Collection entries
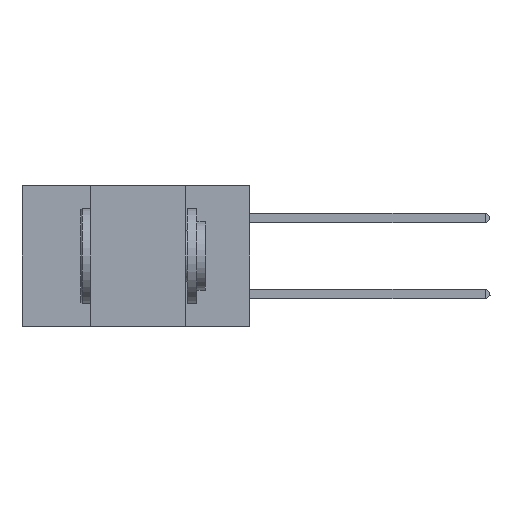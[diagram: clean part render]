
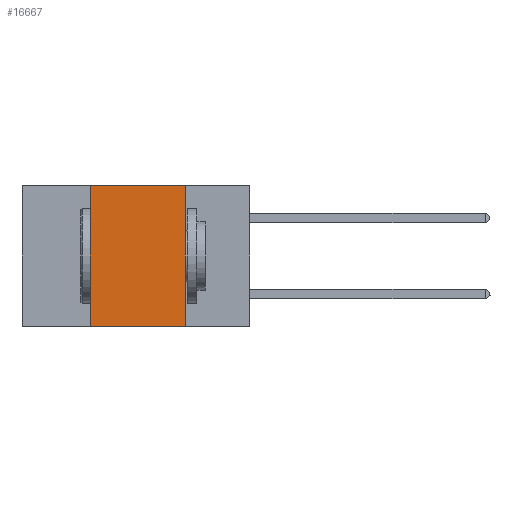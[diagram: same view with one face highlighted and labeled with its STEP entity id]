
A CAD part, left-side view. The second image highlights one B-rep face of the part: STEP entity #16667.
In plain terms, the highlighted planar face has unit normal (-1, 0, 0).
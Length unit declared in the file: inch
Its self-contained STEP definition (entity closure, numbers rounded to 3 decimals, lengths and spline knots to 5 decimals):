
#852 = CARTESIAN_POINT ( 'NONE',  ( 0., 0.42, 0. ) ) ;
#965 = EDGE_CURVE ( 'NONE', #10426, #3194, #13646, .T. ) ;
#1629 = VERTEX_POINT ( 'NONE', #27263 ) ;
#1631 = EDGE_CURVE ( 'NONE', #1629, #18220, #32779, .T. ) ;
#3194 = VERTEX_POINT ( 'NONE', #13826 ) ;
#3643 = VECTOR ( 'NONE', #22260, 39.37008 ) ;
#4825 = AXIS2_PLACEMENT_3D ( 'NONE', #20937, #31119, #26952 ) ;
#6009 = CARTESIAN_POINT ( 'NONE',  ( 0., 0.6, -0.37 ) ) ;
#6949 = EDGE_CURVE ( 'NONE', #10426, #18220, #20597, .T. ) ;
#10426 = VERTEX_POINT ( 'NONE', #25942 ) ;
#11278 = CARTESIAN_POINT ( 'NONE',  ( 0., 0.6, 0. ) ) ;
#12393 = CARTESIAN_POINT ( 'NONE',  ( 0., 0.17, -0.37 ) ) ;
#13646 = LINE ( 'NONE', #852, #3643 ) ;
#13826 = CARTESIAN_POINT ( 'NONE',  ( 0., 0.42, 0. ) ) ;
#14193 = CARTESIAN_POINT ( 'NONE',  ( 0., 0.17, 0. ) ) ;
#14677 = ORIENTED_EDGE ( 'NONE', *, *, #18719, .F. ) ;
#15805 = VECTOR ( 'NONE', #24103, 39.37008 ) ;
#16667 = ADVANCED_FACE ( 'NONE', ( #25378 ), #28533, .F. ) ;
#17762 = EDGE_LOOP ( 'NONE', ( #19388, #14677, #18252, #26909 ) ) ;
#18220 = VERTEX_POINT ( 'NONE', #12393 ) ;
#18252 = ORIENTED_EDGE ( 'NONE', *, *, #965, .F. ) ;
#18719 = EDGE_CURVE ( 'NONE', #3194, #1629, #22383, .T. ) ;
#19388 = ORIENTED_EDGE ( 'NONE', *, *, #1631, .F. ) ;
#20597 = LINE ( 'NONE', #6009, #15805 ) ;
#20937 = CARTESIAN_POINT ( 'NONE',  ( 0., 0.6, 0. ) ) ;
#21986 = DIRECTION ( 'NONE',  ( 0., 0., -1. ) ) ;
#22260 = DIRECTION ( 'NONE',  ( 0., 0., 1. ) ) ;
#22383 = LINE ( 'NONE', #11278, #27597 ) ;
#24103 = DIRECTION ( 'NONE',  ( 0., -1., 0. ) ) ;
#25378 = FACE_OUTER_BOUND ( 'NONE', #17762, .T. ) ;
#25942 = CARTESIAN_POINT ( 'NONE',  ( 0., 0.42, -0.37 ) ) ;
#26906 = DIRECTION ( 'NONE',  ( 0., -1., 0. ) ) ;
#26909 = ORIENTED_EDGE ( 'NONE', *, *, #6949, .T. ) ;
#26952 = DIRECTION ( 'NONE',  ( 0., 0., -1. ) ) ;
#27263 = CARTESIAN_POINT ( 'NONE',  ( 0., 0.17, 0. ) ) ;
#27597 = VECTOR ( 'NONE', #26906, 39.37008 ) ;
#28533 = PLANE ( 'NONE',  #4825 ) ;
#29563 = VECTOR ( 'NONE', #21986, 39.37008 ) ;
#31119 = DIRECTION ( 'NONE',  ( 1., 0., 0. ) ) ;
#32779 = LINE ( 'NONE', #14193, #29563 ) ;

### Work request
Give every record again exactly, apart from the pictures, which stay out.

### Solution
[diagram: clean part render]
[diagram: same view with one face highlighted and labeled with its STEP entity id]
A CAD part, left-side view. The second image highlights one B-rep face of the part: STEP entity #16667.
In plain terms, the highlighted planar face has unit normal (-1, 0, 0).
Length unit declared in the file: inch
Its self-contained STEP definition (entity closure, numbers rounded to 3 decimals, lengths and spline knots to 5 decimals):
#852 = CARTESIAN_POINT ( 'NONE',  ( 0., 0.42, 0. ) ) ;
#965 = EDGE_CURVE ( 'NONE', #10426, #3194, #13646, .T. ) ;
#1629 = VERTEX_POINT ( 'NONE', #27263 ) ;
#1631 = EDGE_CURVE ( 'NONE', #1629, #18220, #32779, .T. ) ;
#3194 = VERTEX_POINT ( 'NONE', #13826 ) ;
#3643 = VECTOR ( 'NONE', #22260, 39.37008 ) ;
#4825 = AXIS2_PLACEMENT_3D ( 'NONE', #20937, #31119, #26952 ) ;
#6009 = CARTESIAN_POINT ( 'NONE',  ( 0., 0.6, -0.37 ) ) ;
#6949 = EDGE_CURVE ( 'NONE', #10426, #18220, #20597, .T. ) ;
#10426 = VERTEX_POINT ( 'NONE', #25942 ) ;
#11278 = CARTESIAN_POINT ( 'NONE',  ( 0., 0.6, 0. ) ) ;
#12393 = CARTESIAN_POINT ( 'NONE',  ( 0., 0.17, -0.37 ) ) ;
#13646 = LINE ( 'NONE', #852, #3643 ) ;
#13826 = CARTESIAN_POINT ( 'NONE',  ( 0., 0.42, 0. ) ) ;
#14193 = CARTESIAN_POINT ( 'NONE',  ( 0., 0.17, 0. ) ) ;
#14677 = ORIENTED_EDGE ( 'NONE', *, *, #18719, .F. ) ;
#15805 = VECTOR ( 'NONE', #24103, 39.37008 ) ;
#16667 = ADVANCED_FACE ( 'NONE', ( #25378 ), #28533, .F. ) ;
#17762 = EDGE_LOOP ( 'NONE', ( #19388, #14677, #18252, #26909 ) ) ;
#18220 = VERTEX_POINT ( 'NONE', #12393 ) ;
#18252 = ORIENTED_EDGE ( 'NONE', *, *, #965, .F. ) ;
#18719 = EDGE_CURVE ( 'NONE', #3194, #1629, #22383, .T. ) ;
#19388 = ORIENTED_EDGE ( 'NONE', *, *, #1631, .F. ) ;
#20597 = LINE ( 'NONE', #6009, #15805 ) ;
#20937 = CARTESIAN_POINT ( 'NONE',  ( 0., 0.6, 0. ) ) ;
#21986 = DIRECTION ( 'NONE',  ( 0., 0., -1. ) ) ;
#22260 = DIRECTION ( 'NONE',  ( 0., 0., 1. ) ) ;
#22383 = LINE ( 'NONE', #11278, #27597 ) ;
#24103 = DIRECTION ( 'NONE',  ( 0., -1., 0. ) ) ;
#25378 = FACE_OUTER_BOUND ( 'NONE', #17762, .T. ) ;
#25942 = CARTESIAN_POINT ( 'NONE',  ( 0., 0.42, -0.37 ) ) ;
#26906 = DIRECTION ( 'NONE',  ( 0., -1., 0. ) ) ;
#26909 = ORIENTED_EDGE ( 'NONE', *, *, #6949, .T. ) ;
#26952 = DIRECTION ( 'NONE',  ( 0., 0., -1. ) ) ;
#27263 = CARTESIAN_POINT ( 'NONE',  ( 0., 0.17, 0. ) ) ;
#27597 = VECTOR ( 'NONE', #26906, 39.37008 ) ;
#28533 = PLANE ( 'NONE',  #4825 ) ;
#29563 = VECTOR ( 'NONE', #21986, 39.37008 ) ;
#31119 = DIRECTION ( 'NONE',  ( 1., 0., 0. ) ) ;
#32779 = LINE ( 'NONE', #14193, #29563 ) ;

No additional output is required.